■ ACTIVITY
Using the data that follows, report how many lines include "lineweight"; output no other text.

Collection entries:
--------

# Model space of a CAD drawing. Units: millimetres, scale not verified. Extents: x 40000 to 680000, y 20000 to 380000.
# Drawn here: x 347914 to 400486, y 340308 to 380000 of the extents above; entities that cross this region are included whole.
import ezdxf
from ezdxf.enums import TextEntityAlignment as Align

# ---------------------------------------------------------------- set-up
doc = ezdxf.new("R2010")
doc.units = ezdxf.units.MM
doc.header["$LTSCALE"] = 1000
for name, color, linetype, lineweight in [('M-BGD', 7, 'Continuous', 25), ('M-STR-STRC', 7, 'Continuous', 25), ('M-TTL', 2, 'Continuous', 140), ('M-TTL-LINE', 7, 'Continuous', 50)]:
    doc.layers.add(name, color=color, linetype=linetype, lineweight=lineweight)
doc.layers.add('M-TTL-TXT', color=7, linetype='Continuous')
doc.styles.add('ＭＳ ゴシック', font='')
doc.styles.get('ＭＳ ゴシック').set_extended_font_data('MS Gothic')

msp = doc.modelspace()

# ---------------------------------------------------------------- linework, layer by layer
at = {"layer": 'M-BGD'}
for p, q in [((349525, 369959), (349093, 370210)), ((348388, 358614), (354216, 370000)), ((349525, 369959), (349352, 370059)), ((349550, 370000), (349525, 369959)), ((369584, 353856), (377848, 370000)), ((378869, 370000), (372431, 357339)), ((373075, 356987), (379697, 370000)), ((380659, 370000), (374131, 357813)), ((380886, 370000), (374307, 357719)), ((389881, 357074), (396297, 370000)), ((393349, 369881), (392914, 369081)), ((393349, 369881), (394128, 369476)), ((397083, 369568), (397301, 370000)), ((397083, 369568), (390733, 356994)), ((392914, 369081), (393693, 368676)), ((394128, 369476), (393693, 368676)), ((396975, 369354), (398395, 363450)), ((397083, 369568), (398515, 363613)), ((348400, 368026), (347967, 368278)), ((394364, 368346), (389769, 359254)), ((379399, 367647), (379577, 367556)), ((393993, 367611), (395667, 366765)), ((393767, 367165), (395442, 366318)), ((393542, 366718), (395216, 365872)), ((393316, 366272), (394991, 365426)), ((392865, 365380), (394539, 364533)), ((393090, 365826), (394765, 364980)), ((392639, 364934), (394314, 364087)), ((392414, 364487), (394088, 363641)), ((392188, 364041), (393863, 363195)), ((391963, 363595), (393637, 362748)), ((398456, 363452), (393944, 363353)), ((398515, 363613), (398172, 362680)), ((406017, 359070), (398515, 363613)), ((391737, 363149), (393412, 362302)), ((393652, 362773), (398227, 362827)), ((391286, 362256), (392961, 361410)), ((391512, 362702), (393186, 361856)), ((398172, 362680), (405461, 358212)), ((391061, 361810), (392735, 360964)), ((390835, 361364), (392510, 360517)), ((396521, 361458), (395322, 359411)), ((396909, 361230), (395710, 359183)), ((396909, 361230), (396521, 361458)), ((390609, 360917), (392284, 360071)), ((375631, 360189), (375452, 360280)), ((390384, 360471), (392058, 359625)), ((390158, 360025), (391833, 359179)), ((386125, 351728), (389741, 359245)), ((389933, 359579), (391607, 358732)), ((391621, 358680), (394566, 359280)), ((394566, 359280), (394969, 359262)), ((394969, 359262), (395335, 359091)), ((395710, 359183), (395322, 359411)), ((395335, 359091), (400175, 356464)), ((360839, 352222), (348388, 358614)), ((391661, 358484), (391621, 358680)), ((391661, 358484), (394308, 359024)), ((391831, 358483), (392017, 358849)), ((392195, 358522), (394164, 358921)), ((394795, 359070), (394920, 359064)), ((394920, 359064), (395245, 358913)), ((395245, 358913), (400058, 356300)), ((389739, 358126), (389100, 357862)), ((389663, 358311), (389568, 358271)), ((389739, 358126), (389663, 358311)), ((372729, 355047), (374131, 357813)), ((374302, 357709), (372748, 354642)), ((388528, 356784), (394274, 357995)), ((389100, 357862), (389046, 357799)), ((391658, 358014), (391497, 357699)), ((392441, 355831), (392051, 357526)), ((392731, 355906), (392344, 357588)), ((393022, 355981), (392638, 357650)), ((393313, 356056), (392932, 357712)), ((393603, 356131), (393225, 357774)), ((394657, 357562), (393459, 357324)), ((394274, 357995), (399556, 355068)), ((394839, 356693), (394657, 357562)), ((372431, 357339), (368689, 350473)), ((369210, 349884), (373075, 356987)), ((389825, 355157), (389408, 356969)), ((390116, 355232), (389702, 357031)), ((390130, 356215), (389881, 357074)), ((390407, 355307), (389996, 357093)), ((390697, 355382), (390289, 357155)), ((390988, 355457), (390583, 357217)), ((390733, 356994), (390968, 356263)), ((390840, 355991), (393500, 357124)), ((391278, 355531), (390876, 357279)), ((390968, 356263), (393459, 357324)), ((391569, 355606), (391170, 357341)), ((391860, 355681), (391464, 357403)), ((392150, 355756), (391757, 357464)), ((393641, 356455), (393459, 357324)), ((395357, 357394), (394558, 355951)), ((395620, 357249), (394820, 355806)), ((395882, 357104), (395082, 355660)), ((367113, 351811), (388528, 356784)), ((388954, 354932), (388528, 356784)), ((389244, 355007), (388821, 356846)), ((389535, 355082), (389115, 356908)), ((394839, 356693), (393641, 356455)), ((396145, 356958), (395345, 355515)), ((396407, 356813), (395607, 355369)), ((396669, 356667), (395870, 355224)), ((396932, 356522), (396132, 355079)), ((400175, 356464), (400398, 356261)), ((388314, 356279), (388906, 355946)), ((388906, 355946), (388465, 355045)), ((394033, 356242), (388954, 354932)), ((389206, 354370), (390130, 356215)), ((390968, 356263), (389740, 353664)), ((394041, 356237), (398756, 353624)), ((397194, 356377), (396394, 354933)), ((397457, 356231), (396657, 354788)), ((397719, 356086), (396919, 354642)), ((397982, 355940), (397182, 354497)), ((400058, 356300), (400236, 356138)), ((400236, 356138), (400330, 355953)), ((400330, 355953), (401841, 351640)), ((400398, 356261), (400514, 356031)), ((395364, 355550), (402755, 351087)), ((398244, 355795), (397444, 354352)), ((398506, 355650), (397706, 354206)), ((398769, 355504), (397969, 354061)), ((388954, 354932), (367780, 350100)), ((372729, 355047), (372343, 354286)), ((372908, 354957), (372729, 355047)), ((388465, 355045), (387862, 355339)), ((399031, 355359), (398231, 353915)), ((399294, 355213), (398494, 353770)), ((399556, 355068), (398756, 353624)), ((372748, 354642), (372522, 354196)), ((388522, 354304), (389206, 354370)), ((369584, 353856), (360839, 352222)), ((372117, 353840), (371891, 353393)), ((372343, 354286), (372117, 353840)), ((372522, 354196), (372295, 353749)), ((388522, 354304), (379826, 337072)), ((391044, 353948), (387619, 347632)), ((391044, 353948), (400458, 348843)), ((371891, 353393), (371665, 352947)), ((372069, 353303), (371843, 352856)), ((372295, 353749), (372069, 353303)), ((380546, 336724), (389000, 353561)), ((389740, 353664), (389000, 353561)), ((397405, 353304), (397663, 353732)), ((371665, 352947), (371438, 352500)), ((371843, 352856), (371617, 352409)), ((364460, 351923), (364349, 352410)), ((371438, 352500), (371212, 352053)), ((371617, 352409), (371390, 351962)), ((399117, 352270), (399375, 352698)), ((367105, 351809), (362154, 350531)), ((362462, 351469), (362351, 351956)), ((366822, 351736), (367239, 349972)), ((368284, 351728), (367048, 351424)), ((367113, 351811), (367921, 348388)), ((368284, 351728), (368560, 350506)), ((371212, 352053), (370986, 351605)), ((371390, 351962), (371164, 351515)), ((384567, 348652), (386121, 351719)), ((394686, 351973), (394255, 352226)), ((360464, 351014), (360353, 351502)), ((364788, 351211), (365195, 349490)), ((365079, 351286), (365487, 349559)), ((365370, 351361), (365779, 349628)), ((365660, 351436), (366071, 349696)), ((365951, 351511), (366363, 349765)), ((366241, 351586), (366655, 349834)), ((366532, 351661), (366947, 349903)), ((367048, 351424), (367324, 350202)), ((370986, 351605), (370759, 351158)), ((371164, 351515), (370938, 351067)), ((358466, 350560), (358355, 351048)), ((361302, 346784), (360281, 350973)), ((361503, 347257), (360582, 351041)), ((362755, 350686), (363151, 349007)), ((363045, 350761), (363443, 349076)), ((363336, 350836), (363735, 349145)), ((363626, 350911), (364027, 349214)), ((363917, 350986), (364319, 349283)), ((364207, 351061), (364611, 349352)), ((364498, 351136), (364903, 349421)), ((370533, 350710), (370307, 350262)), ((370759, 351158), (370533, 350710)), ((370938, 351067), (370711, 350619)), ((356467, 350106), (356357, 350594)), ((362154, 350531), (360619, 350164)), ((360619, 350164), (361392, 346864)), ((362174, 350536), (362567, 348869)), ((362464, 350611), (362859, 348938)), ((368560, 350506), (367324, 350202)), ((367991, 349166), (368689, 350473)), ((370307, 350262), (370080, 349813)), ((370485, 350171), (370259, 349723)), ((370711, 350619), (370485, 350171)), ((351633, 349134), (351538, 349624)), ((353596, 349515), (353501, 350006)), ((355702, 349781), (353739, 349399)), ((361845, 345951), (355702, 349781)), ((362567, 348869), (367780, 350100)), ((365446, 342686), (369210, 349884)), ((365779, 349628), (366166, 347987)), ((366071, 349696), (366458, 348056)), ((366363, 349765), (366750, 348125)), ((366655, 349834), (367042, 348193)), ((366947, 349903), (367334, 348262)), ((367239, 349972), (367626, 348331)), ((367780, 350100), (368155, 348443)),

--------

■ ANSWER AREA
2